'''

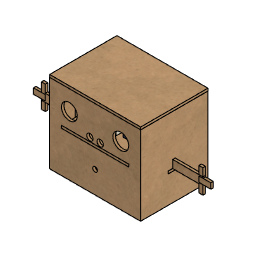
CAD final (Autodesk Fusion 360 design; units mm, degrees)
Autodesk Fusion 360 part; units mm, degrees
sketch "Sketch1" plane through (0, 0, 0) normal (0, 0, 1) x (1, 0, 0)
  line L0 (-32.3795, 47.4843) -> (40, 47.4843)
  line L1 (40, 47.4843) -> (40, -5)
  line L2 (40, -5) -> (-32.3795, -5)
  line L3 (-32.3795, -5) -> (-32.3795, 47.4843)
  constraint horizontal L0
  constraint vertical L1
  constraint horizontal L2
  constraint vertical L3
sketch "Sketch2" plane through (0, 0, 0) normal (0, 0, 1) x (1, 0, 0)
sketch "Sketch3" plane through (0, 0, 0) normal (0, 0, 1) x (1, 0, 0)
  line L0 (-70, 30) -> (-16.7, 30)
  line L1 (-16.7, 30) -> (-16.7, -38.6)
  line L2 (-16.7, -38.6) -> (-70, -38.6)
  line L3 (-70, -38.6) -> (-70, 30)
  dimension "d3" = 53.3
  dimension "d4" = 68.6
  constraint horizontal L0
  constraint vertical L1
  constraint horizontal L2
  constraint vertical L3
  measures "d3" distance of L0.start L0.end
  measures "d4" distance of L0.start L2.end
extrude "Extrude2" add sketch "Sketch3" along normal blind 10 makes body 1
move_body "Move3" bodies 1 to x (0, -1, 0) y (1, 0, 0) z (0, 0, 1) at (-31.4, -108.6, 0)
move_body "Move4" bodies 1 to x (1, 0, 0) y (0, 1, 0) z (0, 0, 1) at (-5.9347, 58.8273, -1.6422)
sketch "Sketch4" plane through (0, 0, 0) normal (0, 0, 1) x (1, 0, 0)
  line L0 (40, 25) -> (125, 25)
  line L1 (125, 25) -> (125, -30)
  line L2 (125, -30) -> (40, -30)
  line L3 (40, -30) -> (40, 25)
  dimension "d7" = 85
  dimension "d8" = 55
  constraint horizontal L0
  constraint vertical L1
  constraint horizontal L2
  constraint vertical L3
  measures "d7" distance of L0.start L0.end
  measures "d8" distance of L0.start L2.end
extrude "Extrude3" add sketch "Sketch4" along normal blind 10 separate body makes body 2
move_body "Move5" bodies 1 to x (0, 1, 0) y (-1, 0, 0) z (0, 0, 1) at (-109.0073, 42.862, 0)
move_body "Move6" bodies 1 to x (1, 0, 0) y (0, 1, 0) z (0, 0, 1) at (69.2901, 3.0727, 11.6422)
move_body "Move7" bodies 2 to x (0, 1, 0) y (-1, 0, 0) z (0, 0, 1) at (10, -70, 0)
move_body "Move8" bodies 2 to x (1, 0, 0) y (0, 1, 0) z (0, 0, 1) at (13.4816, 0.9657, 8.7354)
sketch "Sketch5" plane through (0, 0, 0) normal (0, 0, 1) x (1, 0, 0)
  line L0 (100, -150) -> (-130, -150)
  line L1 (-130, -150) -> (-130, 20)
  line L2 (-130, 20) -> (100, 20)
  line L3 (100, 20) -> (100, -150)
  dimension "d11" = 230
  dimension "d12" = 170
  constraint horizontal L0
  constraint vertical L1
  constraint horizontal L2
  constraint vertical L3
  measures "d11" distance of L0.start L0.end
  measures "d12" distance of L0.start L2.end
extrude "Extrude4" add sketch "Sketch5" against normal blind 200 separate body makes body 3
sketch "Sketch6" plane through (0, 0, -200) normal (0, 0, -1) x (1, 0, 0)
  line L0 (-130, -20) -> (100, -20)
  line L1 (100, -20) -> (100, 150)
  line L2 (100, 150) -> (-130, 150)
  line L3 (-130, 150) -> (-130, -20)
  line L4 (-122.8889, 140.963) -> (94.4111, 140.963)
  line L5 (94.4111, 140.963) -> (94.4111, -12.737)
  line L6 (94.4111, -12.737) -> (-122.8889, -12.737)
  line L7 (-122.8889, -12.737) -> (-122.8889, 140.963)
  dimension "d15" = 217.3
  dimension "d16" = 153.7
  constraint horizontal L4
  constraint vertical L5
  constraint horizontal L6
  constraint vertical L7
  measures "d15" distance of L4.start L4.end
  measures "d16" distance of L4.start L6.end
extrude "Extrude5" cut sketch "Sketch6" against normal blind 193.35 contours L4 L5 L6 L7 bodies 3
move_body "Move9" bodies 1 to x (1, 0, 0) y (0, 1, 0) z (0, 0, 1) at (-192.1553, -38.6436, -133.7239)
move_body "Move10" bodies 2 to x (1, 0, 0) y (0, 1, 0) z (0, 0, 1) at (-190.1426, -42.9302, -139.0807)
sketch "Sketch7" plane through (0, 0, 0) normal (0, 0, 1) x (1, 0, 0)
  line L0 (-116.7221, 87.5547) -> (113.2779, 87.5547)
  line L1 (113.2779, 87.5547) -> (113.2779, 257.5547)
  line L2 (113.2779, 257.5547) -> (-116.7221, 257.5547)
  line L3 (-116.7221, 257.5547) -> (-116.7221, 87.5547)
  dimension "d19" = 230
  dimension "d20" = 170
  constraint horizontal L0
  constraint vertical L1
  constraint horizontal L2
  constraint vertical L3
  measures "d19" distance of L0.start L0.end
  measures "d20" distance of L0.start L2.end
extrude "Extrude6" add sketch "Sketch7" along normal blind 6.35 separate body makes body 4
move_body "Move11" bodies 4 to x (1, 0, 0) y (0, 1, 0) z (0, 0, 1) at (-13.2084, -237.8923, -206.1761)
sketch "Sketch8" plane through (0, 20, 0) normal (0, 1, 0) x (-1, 0, 0)
  line L0 (130, 0) -> (-100, 0)
  line L1 (-100, 0) -> (-100, -200)
  line L2 (-100, -200) -> (130, -200)
  line L3 (130, -200) -> (130, 0)
  line L4 (100, -110) -> (-72.7396, -110)
  line L5 (-72.7396, -110) -> (-72.7396, -103.65)
  line L6 (-72.7396, -103.65) -> (100, -103.65)
  line L7 (100, -103.65) -> (100, -110)
  dimension "d23" = 6.35
  constraint horizontal L4
  constraint vertical L5
  constraint horizontal L6
  constraint vertical L7
  measures "d23" distance of L4.start L6.end
extrude "Extrude7" cut sketch "Sketch8" against normal blind 200 contours L4 L5 L6 L7 bodies 3
sketch "Sketch9" plane through (0, 0, 0) normal (0, 0, 1) x (1, 0, 0)
  line L0 (-120, 110) -> (52.74, 110)
  line L1 (52.74, 110) -> (52.74, 280)
  line L2 (52.74, 280) -> (-120, 280)
  line L3 (-120, 280) -> (-120, 110)
  dimension "d26" = 172.74
  dimension "d27" = 170
  constraint horizontal L0
  constraint vertical L1
  constraint horizontal L2
  constraint vertical L3
  measures "d26" distance of L0.start L0.end
  measures "d27" distance of L0.start L2.end
extrude "Extrude8" add sketch "Sketch9" against normal blind 6.35 separate body makes body 5
move_body "Move12" bodies 5 to x (1, 0, 0) y (0, 1, 0) z (0, 0, 1) at (20.107, -259.5032, -103.2368)
sketch "Sketch10" plane through (0, -150, 0) normal (0, -1, 0) x (1, 0, 0)
  line L0 (72.7396, -103.65) -> (72.7396, -110)
  line L1 (72.7396, -110) -> (-100, -110)
  line L2 (-100, -110) -> (-100, -103.65)
  line L3 (-100, -103.65) -> (72.7396, -103.65)
  line L4 (100, 0) -> (-130, 0)
  line L5 (-130, 0) -> (-130, -200)
  line L6 (-130, -200) -> (100, -200)
  line L7 (100, -200) -> (100, 0)
  circle A0 centre (50, -150) radius 20
  circle A1 centre (50, -150) radius 20
  circle A2 centre (-80, -150) radius 20
extrude "Extrude9" cut sketch "Sketch10" against normal blind 20 contours A0 A1 | A2 bodies 3
sketch "Sketch11" plane through (0, -150, 0) normal (0, -1, 0) x (1, 0, 0)
  circle A0 centre (-80, -150) radius 20
  circle A1 centre (50, -150) radius 20
  line L0 (72.7396, -103.65) -> (72.7396, -110)
  line L1 (72.7396, -110) -> (-100, -110)
  line L2 (-100, -110) -> (-100, -103.65)
  line L3 (-100, -103.65) -> (72.7396, -103.65)
  line L4 (100, 0) -> (-130, 0)
  line L5 (-130, 0) -> (-130, -200)
  line L6 (-130, -200) -> (100, -200)
  line L7 (100, -200) -> (100, 0)
  circle A2 centre (-1.9497, -120.0498) radius 8.05
  dimension "d32" = 16.1
  measures "d32" diameter of A2
sketch "Sketch12" plane through (0, -150, 0) normal (0, -1, 0) x (1, 0, 0)
sketch "Sketch13" plane through (0, -150, 0) normal (0, -1, 0) x (1, 0, 0)
  circle A0 centre (-28.05, -120.05) radius 8.05
  dimension "d33" = 16.1
  measures "d33" diameter of A0
extrude "Extrude10" cut sketch "Sketch11" sketch "Sketch13" against normal blind 10 contours A2 of sketch 2 bodies 3
move_body "Move13" bodies 4 to x (1, 0, 0) y (0, 1, 0) z (0, 0, 1) at (231.7541, -19.2478, 6.1761)
move_body "Move14" bodies 2 to x (1, 0, 0) y (0, 1, 0) z (0, 0, 1) at (189.899, -32.0286, 10.5679)
move_body "Move15" bodies 1 to x (1, 0, 0) y (0, 1, 0) z (0, 0, 1) at (183.6878, -30.6758, -12.2886)
move_body "Move16" bodies 1 to x (1, 0, 0) y (0, 1, 0) z (0, 0, 1) at (0, 0, 15)
sketch "Sketch14" plane through (100, 0, 0) normal (1, 0, 0) x (0, 1, 0)
sketch "Sketch15" plane through (100, 0, 0) normal (1, 0, 0) x (0, 1, 0)
  line L0 (-50, -75) -> (-80, -75)
  line L1 (-80, -75) -> (-80, -68.65)
  line L2 (-80, -68.65) -> (-50, -68.65)
  line L3 (-50, -68.65) -> (-50, -75)
  dimension "d36" = 6.35
  constraint horizontal L0
  constraint vertical L1
  constraint horizontal L2
  constraint vertical L3
  measures "d36" distance of L0.start L2.end
extrude "Extrude11" cut sketch "Sketch15" against normal blind 320 bodies 3
sketch "Sketch16" plane through (0, 0, 0) normal (0, 0, 1) x (1, 0, 0)
  line L0 (-100, 140) -> (130, 140)
  line L1 (130, 140) -> (130, 170)
  line L2 (130, 170) -> (-100, 170)
  line L3 (-100, 170) -> (-100, 140)
  dimension "d39" = 230
  dimension "d40" = 30
  constraint horizontal L0
  constraint vertical L1
  constraint horizontal L2
  constraint vertical L3
  measures "d39" distance of L0.start L0.end
  measures "d40" distance of L0.start L2.end
extrude "Extrude12" add sketch "Sketch16" against normal blind 6.35 separate body makes body 6
move_body "Move17" bodies 6 to x (1, 0, 0) y (0, 1, 0) z (0, 0, 1) at (-29.7399, -217.8653, -68.3754)
move_body "Move18" bodies 6 to x (1, 0, 0) y (0, 1, 0) z (0, 0, 1) at (0, -2.152, 0)
sketch "Sketch17" plane through (0, 0, -74.7254) normal (0, 0, -1) x (1, 0, 0)
  line L0 (-129.7399, 80.0173) -> (-129.7399, 50.0173)
  line L1 (-129.7399, 50.0173) -> (100.2601, 50.0173)
  line L2 (100.2601, 50.0173) -> (100.2601, 80.0173)
  line L3 (100.2601, 80.0173) -> (-129.7399, 80.0173)
sketch "Sketch18" plane through (0, 0, -74.7254) normal (0, 0, -1) x (1, 0, 0)
  line L0 (90.26, 76.717) -> (86.61, 76.717)
  line L1 (86.61, 76.717) -> (86.61, 64.717)
  line L2 (86.61, 64.717) -> (90.26, 64.717)
  line L3 (90.26, 64.717) -> (90.26, 76.717)
  dimension "d43" = 3.65
  constraint horizontal L0
  constraint vertical L1
  constraint horizontal L2
  constraint vertical L3
  measures "d43" distance of L0.start L0.end
sketch "Sketch19" plane through (0, 0, -74.7254) normal (0, 0, -1) x (1, 0, 0)
  line L0 (60.61, 64.717) -> (56.96, 64.717)
  line L1 (56.96, 64.717) -> (56.96, 76.717)
  line L2 (56.96, 76.717) -> (60.61, 76.717)
  line L3 (60.61, 76.717) -> (60.61, 64.717)
  dimension "d44" = 3.65
  constraint horizontal L0
  constraint vertical L1
  constraint horizontal L2
  constraint vertical L3
  measures "d44" distance of L0.start L0.end
extrude "Extrude13" cut sketch "Sketch18" against normal blind 11 bodies 6
extrude "Extrude14" cut sketch "Sketch19" against normal blind 22 bodies 6
sketch "Sketch20" plane through (0, 0, 0) normal (0, 0, 1) x (1, 0, 0)
  line L0 (95, -105) -> (91.35, -105)
  line L1 (91.35, -105) -> (91.35, -117)
  line L2 (91.35, -117) -> (95, -117)
  line L3 (95, -117) -> (95, -105)
  dimension "d49" = 3.65
  dimension "d50" = 12
  constraint horizontal L0
  constraint vertical L1
  constraint horizontal L2
  constraint vertical L3
  measures "d49" distance of L0.start L0.end
  measures "d50" distance of L0.start L2.end
sketch "Sketch21" plane through (0, 0, 0) normal (0, 0, 1) x (1, 0, 0)
  line L0 (65.35, -105) -> (61.7, -105)
  line L1 (61.7, -105) -> (61.7, -117)
  line L2 (61.7, -117) -> (65.35, -117)
  line L3 (65.35, -117) -> (65.35, -105)
  dimension "d51" = 3.65
  dimension "d52" = 12
  constraint horizontal L0
  constraint vertical L1
  constraint horizontal L2
  constraint vertical L3
  measures "d51" distance of L0.start L0.end
  measures "d52" distance of L0.start L2.end
extrude "Extrude15" add sketch "Sketch21" against normal blind 25 separate body makes body 7
extrude "Extrude16" add sketch "Sketch20" against normal blind 25 separate body makes body 8
extrude "Extrude17" cut 1 faces at (86.61, -72.717, -72.6087) along direction (-1, 0, 0) blind 2.65 on bodies 6 bodies 6
extrude "Extrude18" cut 1 faces at (83.96, -72.717, -72.6087) along direction (-1, 0, 0) blind 0.05 on bodies 6 bodies 6
extrude "Extrude19" cut 1 faces at (56.96, -68.717, -72.6087) along direction (-1, 0, 0) blind 6.35 on bodies 6 bodies 6
extrude "Extrude20" add 1 faces at (60.61, -72.717, -72.6087) along direction (-1, 0, 0) blind 3.3 on bodies 6 bodies 6
extrude "Extrude21" cut 1 faces at (57.31, -72.717, -72.6087) along direction (1, 0, 0) blind 0.6 on bodies 6 bodies 6
extrude "Extrude22" add 1 faces at (50.61, -68.717, -72.6087) along direction (1, 0, 0) blind 0.95 on bodies 6 bodies 6
extrude "Extrude23" add 1 faces at (91.35, -109, -8.3333) along direction (-1, 0, 0) blind 0.7 on bodies 8 bodies 8
extrude "Extrude24" cut 1 faces at (65.35, -113, -8.3333) along direction (-1, 0, 0) blind 0.7 on bodies 7 bodies 7
extrude "Extrude25" add 1 faces at (61.7, -109, -8.3333) along direction (-1, 0, 0) blind 1.4 on bodies 7 bodies 7
extrude "Extrude26" add 1 faces at (90.65, -109, -8.3333) along direction (-1, 0, 0) blind 2 on bodies 8 bodies 8
extrude "Extrude27" cut 1 faces at (64.65, -113, -8.3333) along direction (-1, 0, 0) blind 2 on bodies 7 bodies 7
extrude "Extrude28" add 1 faces at (60.3, -109, -8.3333) along direction (-1, 0, 0) blind 4 on bodies 7 bodies 7
sketch "Sketch22" plane through (56.3, 0, 0) normal (-1, 0, 0) x (0, -1, 0)
extrude "Extrude29" cut 1 faces at (86.0267, -64.717, -70.4921) along direction (0, 1, 0) blind 10 on bodies 6 bodies 6
extrude "Extrude30" cut 1 faces at (53.6767, -64.717, -70.4921) along direction (0, 1, 0) blind 10 on bodies 6 bodies 6
extrude "Extrude31" add 1 faces at (60.5333, -105, -8.3333) along direction (0, 1, 0) blind 10 on bodies 7 bodies 7
extrude "Extrude32" add 1 faces at (92.8833, -105, -8.3333) along direction (0, 1, 0) blind 10 on bodies 8 bodies 8
sketch "Sketch23" plane through (56.3, 0, 0) normal (-1, 0, 0) x (0, -1, 0)
  line L0 (113.4998, -12.7498) -> (98.4998, -12.7498)
  line L1 (98.4998, -12.7498) -> (98.4998, -6.3998)
  line L2 (98.4998, -6.3998) -> (113.4998, -6.3998)
  line L3 (113.4998, -6.3998) -> (113.4998, -12.7498)
  dimension "d91" = 15
  dimension "d92" = 6.35
  constraint horizontal L0
  constraint vertical L1
  constraint horizontal L2
  constraint vertical L3
  measures "d91" distance of L0.start L0.end
  measures "d92" distance of L0.start L2.end
extrude "Extrude33" add 1 faces at (60.5333, -109.6667, -25) along direction (0, 0, -1) blind 5.85 on bodies 7 bodies 7
extrude "Extrude34" add 1 faces at (90.7667, -102.3333, -25) along direction (0, 0, -1) blind 5.85 on bodies 8 bodies 8
sketch "Sketch24" plane through (56.3, 0, 0) normal (-1, 0, 0) x (0, -1, 0)
  line L0 (95, -30.85) -> (117, -30.85)
  line L1 (113.5, -31) -> (98.5, -31)
  line L2 (98.5, -31) -> (98.5, -24.65)
  line L3 (98.5, -24.65) -> (113.5, -24.65)
  line L4 (113.5, -24.65) -> (113.5, -31)
  dimension "d97" = 15
  dimension "d98" = 6.35
  constraint horizontal L1
  constraint vertical L2
  constraint horizontal L3
  constraint vertical L4
  measures "d97" distance of L1.start L1.end
  measures "d98" distance of L1.start L3.end
extrude "Extrude35" add 1 faces at (60.5333, -109.6667, -30.85) along direction (0, 0, -1) blind 3 on bodies 7 bodies 7
extrude "Extrude36" add 1 faces at (90.7667, -102.3333, -30.85) along direction (0, 0, -1) blind 3 on bodies 8 bodies 8
extrude "Extrude37" cut sketch "Sketch24" against normal blind 41 contours L0 L2 L3 L4 bodies 7 8
extrude "Extrude38" cut sketch "Sketch23" against normal blind 39 bodies 7 8
sketch "Sketch25" plane through (0, 0, 0) normal (0, 0, 1) x (1, 0, 0)
  line L0 (55, -135) -> (93.7, -135)
  line L1 (93.7, -135) -> (93.7, -150)
  line L2 (93.7, -150) -> (55, -150)
  line L3 (55, -150) -> (55, -135)
  dimension "d107" = 38.7
  constraint horizontal L0
  constraint vertical L1
  constraint horizontal L2
  constraint vertical L3
  measures "d107" distance of L0.start L0.end
extrude "Extrude39" add sketch "Sketch25" along normal blind 6.35 separate body makes body 9
move_body "Move19" bodies 9 to x (1, 0, 0) y (0, 1, 0) z (0, 0, 1) at (1.3032, 36.5589, -12.7529)
sketch "Sketch26" plane through (0, 0, 0) normal (0, 0, 1) x (1, 0, 0)
  line L0 (-30, 12) -> (8.7, 12)
  line L1 (8.7, 12) -> (8.7, -3)
  line L2 (8.7, -3) -> (-30, -3)
  line L3 (-30, -3) -> (-30, 12)
  dimension "d110" = 38.7
  dimension "d111" = 15
  constraint horizontal L0
  constraint vertical L1
  constraint horizontal L2
  constraint vertical L3
  measures "d110" distance of L0.start L0.end
  measures "d111" distance of L0.start L2.end
extrude "Extrude40" add sketch "Sketch26" along normal blind 6.35 separate body makes body 10
move_body "Move20" bodies 10 to x (1, 0, 0) y (0, 1, 0) z (0, 0, 1) at (86.3471, -110.4772, -31.0644)
move_body "Move21" bodies 7 8 9 10 to x (1, 0, 0) y (0, 1, 0) z (0, 0, 1) at (-4.8384, 40.4721, -68.412)
move_body "Move22" bodies 4 to x (1, 0, 0) y (0, 1, 0) z (0, 0, 1) at (-231.998, 19.5704, 0)
sketch "Sketch27" plane through (94.4111, 0, 0) normal (-1, 0, 0) x (0, -1, 0)
  line L0 (80, -68.65) -> (80, -75)
  line L1 (80, -75) -> (50, -75)
  line L2 (50, -75) -> (50, -68.65)
  line L3 (50, -68.65) -> (80, -68.65)
  line L4 (-12.737, -200) -> (140.963, -200)
  line L5 (140.963, -200) -> (140.963, -6.65)
  line L6 (140.963, -6.65) -> (-12.737, -6.65)
  line L7 (-12.737, -6.65) -> (-12.737, -200)
  line L8 (95, -75) -> (88.65, -75)
  line L9 (88.65, -75) -> (88.65, -111.7682)
  line L10 (88.65, -111.7682) -> (95, -111.7682)
  line L11 (95, -111.7682) -> (95, -75)
  dimension "d114" = 6.35
  constraint horizontal L8
  constraint vertical L9
  constraint horizontal L10
  constraint vertical L11
  measures "d114" distance of L8.start L8.end
extrude "Extrude41" add 1 faces at (72.7396, -143.9753, -107.8833) along direction (-1, 0, 0) blind 2.74 on bodies 3 bodies 3
extrude "Extrude42" cut 1 faces at (72.847, -92.8366, -105.3534) along direction (-1, 0, 0) blind 2.74 on bodies 5 bodies 5
move_body "Move23" bodies 5 to x (1, 0, 0) y (0, 1, 0) z (0, 0, 1) at (0.1843, 0, -0.3685)
extrude "Extrude43" add 1 faces at (72.7396, 17.579, -107.8833) along direction (-1, 0, 0) blind 2.74 on bodies 3 bodies 3
extrude "Extrude44" cut sketch "Sketch27" against normal blind 15 contours L8 L9 L10 L11 bodies 3
extrude "Extrude45" cut 1 faces at (98.137, -90.7667, -111.7682) along direction (0, 0, -1) blind 28 on bodies 3 bodies 3
extrude "Extrude46" cut 1 faces at (96.2741, -95, -118.1788) along direction (0, -1, 0) blind 1.5 on bodies 3 bodies 3
sketch "Sketch28" plane through (0, 0, 0) normal (0, 0, 1) x (1, 0, 0)
  line L0 (60, 60) -> (180, 60)
  line L1 (180, 60) -> (180, 80)
  line L2 (180, 80) -> (60, 80)
  line L3 (60, 80) -> (60, 60)
  constraint horizontal L0
  constraint vertical L1
  constraint horizontal L2
  constraint vertical L3
extrude "Extrude47" add sketch "Sketch28" along normal blind 6.35 separate body makes body 11
extrude "Extrude48" add 1 faces at (94.4111, -8.1753, -93.8833) along direction (-1, 0, 0) blind 0.761 on bodies 3 bodies 3 7 8 9 10 6
extrude "Extrude49" cut 1 faces at (13.5869, -140.963, -38.9833) along direction (0, -1, 0) blind 2.687 on bodies 3 bodies 3
extrude "Extrude50" cut 1 faces at (-122.8889, -70.3043, -158.3333) along direction (-1, 0, 0) blind 0.761 on bodies 3 bodies 3
extrude "Extrude51" cut 1 faces at (13.3333, 12.737, -38.9833) along direction (0, 1, 0) blind 0.913 on bodies 3 bodies 3
sketch "Sketch29" plane through (0, 0, 0) normal (0, 0, 1) x (1, 0, 0)
  line L0 (175, 45) -> (205, 45)
  line L1 (205, 45) -> (205, 55)
  line L2 (205, 55) -> (175, 55)
  line L3 (175, 55) -> (175, 45)
  dimension "d139" = 30
  dimension "d140" = 10
  constraint horizontal L0
  constraint vertical L1
  constraint horizontal L2
  constraint vertical L3
  measures "d139" distance of L0.start L0.end
  measures "d140" distance of L0.start L2.end
extrude "Extrude52" add sketch "Sketch29" along normal blind 6.35 separate body makes body 12
move_body "Move24" bodies 12 to x (0.642788, -0.766044, 0) y (0.766044, 0.642788, 0) z (0, 0, 1) at (20.3326, 165.0215, 1.3134)
move_body "Move25" bodies 12 to x (1, 0, 0) y (0, 1, 0) z (0, 0, 1) at (0, 0, -1)
move_body "Move26" bodies 12 to x (1, 0, 0) y (0, 1, 0) z (0, 0, 1) at (0, 0, -0.31)
move_body "Move27" bodies 12 to x (0.766044, -0.642788, 0) y (0.642788, 0.766044, 0) z (0, 0, 1) at (15.4151, 116.1683, 0)
move_body "Move28" bodies 12 to x (1, 0, 0) y (0, 1, 0) z (0, 0, 1) at (-12, 7, 0)
move_body "Move29" bodies 12 to x (1, 0, 0) y (0, 1, 0) z (0, 0, 1) at (-0.065, 0, 0)
move_body "Move30" bodies 12 to x (1, 0, 0) y (0, 1, 0) z (0, 0, 1) at (0, 8.487, 0)
sketch "Sketch30" plane through (0, 0, 0) normal (0, 0, 1) x (1, 0, 0)
  line L0 (158.5541, 93.3276) -> (188.5541, 93.3276)
  line L1 (188.5541, 93.3276) -> (188.5541, 103.3276)
  line L2 (188.5541, 103.3276) -> (158.5541, 103.3276)
  line L3 (158.5541, 103.3276) -> (158.5541, 93.3276)
  dimension "d143" = 30
  dimension "d144" = 10
  constraint horizontal L0
  constraint vertical L1
  constraint horizontal L2
  constraint vertical L3
  measures "d143" distance of L0.start L0.end
  measures "d144" distance of L0.start L2.end
extrude "Extrude53" add sketch "Sketch30" along normal blind 6.35 separate body makes body 13
move_body "Move31" bodies 13 to x (0, 1, 0) y (-1, 0, 0) z (0, 0, 1) at (272.8817, -79.2265, 0)
move_body "Move32" bodies 13 to x (1, 0, 0) y (0, 1, 0) z (0, 0, 1) at (0.446, 0, 0)
move_body "Move33" bodies 13 to x (1, 0, 0) y (0, 1, 0) z (0, 0, 1) at (0, -9.328, 0)
sketch "Sketch31" plane through (0, 0, 0) normal (0, 0, 1) x (1, 0, 0)
  line L0 (185, 65) -> (215, 65)
  line L1 (215, 65) -> (215, 75)
  line L2 (215, 75) -> (185, 75)
  line L3 (185, 75) -> (185, 65)
  dimension "d147" = 30
  dimension "d148" = 10
  constraint horizontal L0
  constraint vertical L1
  constraint horizontal L2
  constraint vertical L3
  measures "d147" distance of L0.start L0.end
  measures "d148" distance of L0.start L2.end
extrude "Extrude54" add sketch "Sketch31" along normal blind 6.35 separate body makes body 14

'''

* [What is being asked] Once you have checked every line of the material above, return the ones that hold the string "degrees".

* [Completed exercise]
CAD final (Autodesk Fusion 360 design; units mm, degrees)
Autodesk Fusion 360 part; units mm, degrees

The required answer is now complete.